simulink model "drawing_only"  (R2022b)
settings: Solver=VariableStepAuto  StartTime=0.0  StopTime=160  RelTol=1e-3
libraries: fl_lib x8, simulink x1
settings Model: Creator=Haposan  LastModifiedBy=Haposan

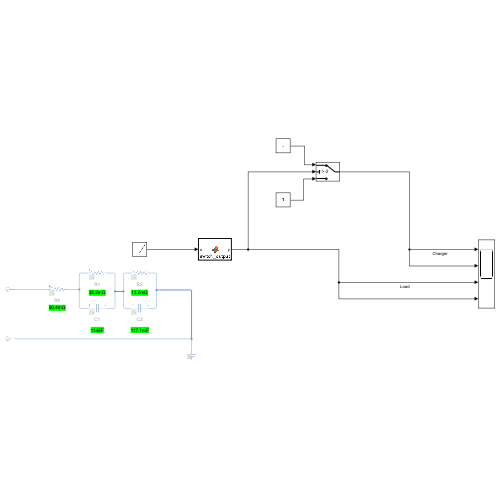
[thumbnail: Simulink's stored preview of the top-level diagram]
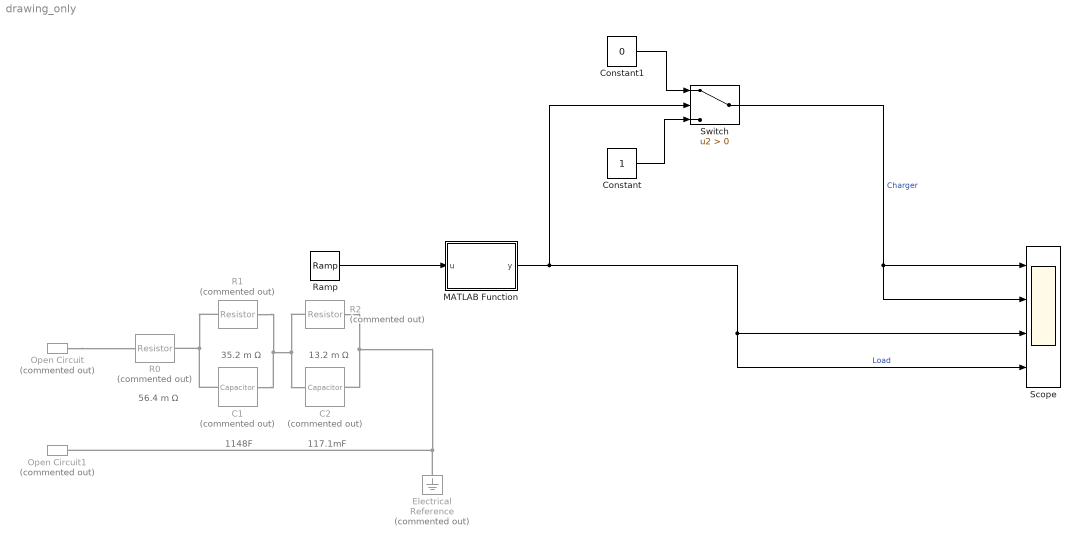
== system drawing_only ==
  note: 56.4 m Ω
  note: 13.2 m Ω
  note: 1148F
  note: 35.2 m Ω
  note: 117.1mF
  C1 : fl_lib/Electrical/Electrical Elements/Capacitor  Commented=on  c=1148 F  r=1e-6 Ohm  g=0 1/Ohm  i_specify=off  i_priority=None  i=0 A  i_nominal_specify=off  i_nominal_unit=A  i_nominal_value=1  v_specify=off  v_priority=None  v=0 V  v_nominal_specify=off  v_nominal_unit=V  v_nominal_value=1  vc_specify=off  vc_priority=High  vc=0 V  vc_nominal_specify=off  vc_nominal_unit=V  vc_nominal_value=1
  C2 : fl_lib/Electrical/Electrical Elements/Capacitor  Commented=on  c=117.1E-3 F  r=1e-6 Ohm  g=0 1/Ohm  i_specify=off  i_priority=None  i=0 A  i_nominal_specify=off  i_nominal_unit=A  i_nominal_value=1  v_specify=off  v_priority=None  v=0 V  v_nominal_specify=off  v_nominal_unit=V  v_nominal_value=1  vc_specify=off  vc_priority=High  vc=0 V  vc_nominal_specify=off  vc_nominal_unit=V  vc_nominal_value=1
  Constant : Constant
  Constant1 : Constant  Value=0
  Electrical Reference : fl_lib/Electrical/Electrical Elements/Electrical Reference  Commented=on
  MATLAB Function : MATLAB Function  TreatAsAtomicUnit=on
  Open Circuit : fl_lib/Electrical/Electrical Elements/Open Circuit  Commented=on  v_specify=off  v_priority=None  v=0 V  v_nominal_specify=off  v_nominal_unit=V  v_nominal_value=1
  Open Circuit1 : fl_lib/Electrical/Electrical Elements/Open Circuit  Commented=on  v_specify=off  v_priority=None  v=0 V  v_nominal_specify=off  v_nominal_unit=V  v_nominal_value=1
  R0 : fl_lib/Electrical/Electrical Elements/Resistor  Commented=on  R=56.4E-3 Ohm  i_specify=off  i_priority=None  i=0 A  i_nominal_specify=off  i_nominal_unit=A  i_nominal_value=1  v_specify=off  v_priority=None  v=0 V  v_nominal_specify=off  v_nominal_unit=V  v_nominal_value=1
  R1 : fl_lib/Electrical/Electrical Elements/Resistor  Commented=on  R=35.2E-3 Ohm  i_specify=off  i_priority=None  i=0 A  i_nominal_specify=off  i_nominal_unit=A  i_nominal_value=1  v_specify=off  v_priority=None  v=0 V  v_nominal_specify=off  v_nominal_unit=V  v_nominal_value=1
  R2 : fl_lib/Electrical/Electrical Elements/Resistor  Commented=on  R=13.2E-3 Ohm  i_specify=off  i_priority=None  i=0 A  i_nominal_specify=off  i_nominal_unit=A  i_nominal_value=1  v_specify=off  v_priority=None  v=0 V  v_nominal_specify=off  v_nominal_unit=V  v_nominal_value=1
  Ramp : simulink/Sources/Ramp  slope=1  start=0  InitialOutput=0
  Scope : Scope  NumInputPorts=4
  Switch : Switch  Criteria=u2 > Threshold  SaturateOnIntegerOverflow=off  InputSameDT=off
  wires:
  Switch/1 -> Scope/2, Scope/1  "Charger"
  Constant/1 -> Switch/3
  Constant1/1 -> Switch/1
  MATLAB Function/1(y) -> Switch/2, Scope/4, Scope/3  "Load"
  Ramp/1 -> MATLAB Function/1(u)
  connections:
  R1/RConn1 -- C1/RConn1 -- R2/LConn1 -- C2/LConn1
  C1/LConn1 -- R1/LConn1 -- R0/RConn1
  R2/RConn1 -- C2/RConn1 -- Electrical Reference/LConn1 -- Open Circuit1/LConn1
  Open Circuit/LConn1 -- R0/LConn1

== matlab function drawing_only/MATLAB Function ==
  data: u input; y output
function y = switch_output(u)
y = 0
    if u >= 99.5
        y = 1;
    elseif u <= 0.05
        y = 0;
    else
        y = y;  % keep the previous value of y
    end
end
----------
WHAT THIS TASK INVOLVES » Write out only those lines that fall between the one containing "if u >= 99.5" and the end of the entries, the first and last included, exactly as they read.

RESULT OF THE EXERCISE »
    if u >= 99.5
        y = 1;
    elseif u <= 0.05
        y = 0;
    else
        y = y;  % keep the previous value of y
    end
end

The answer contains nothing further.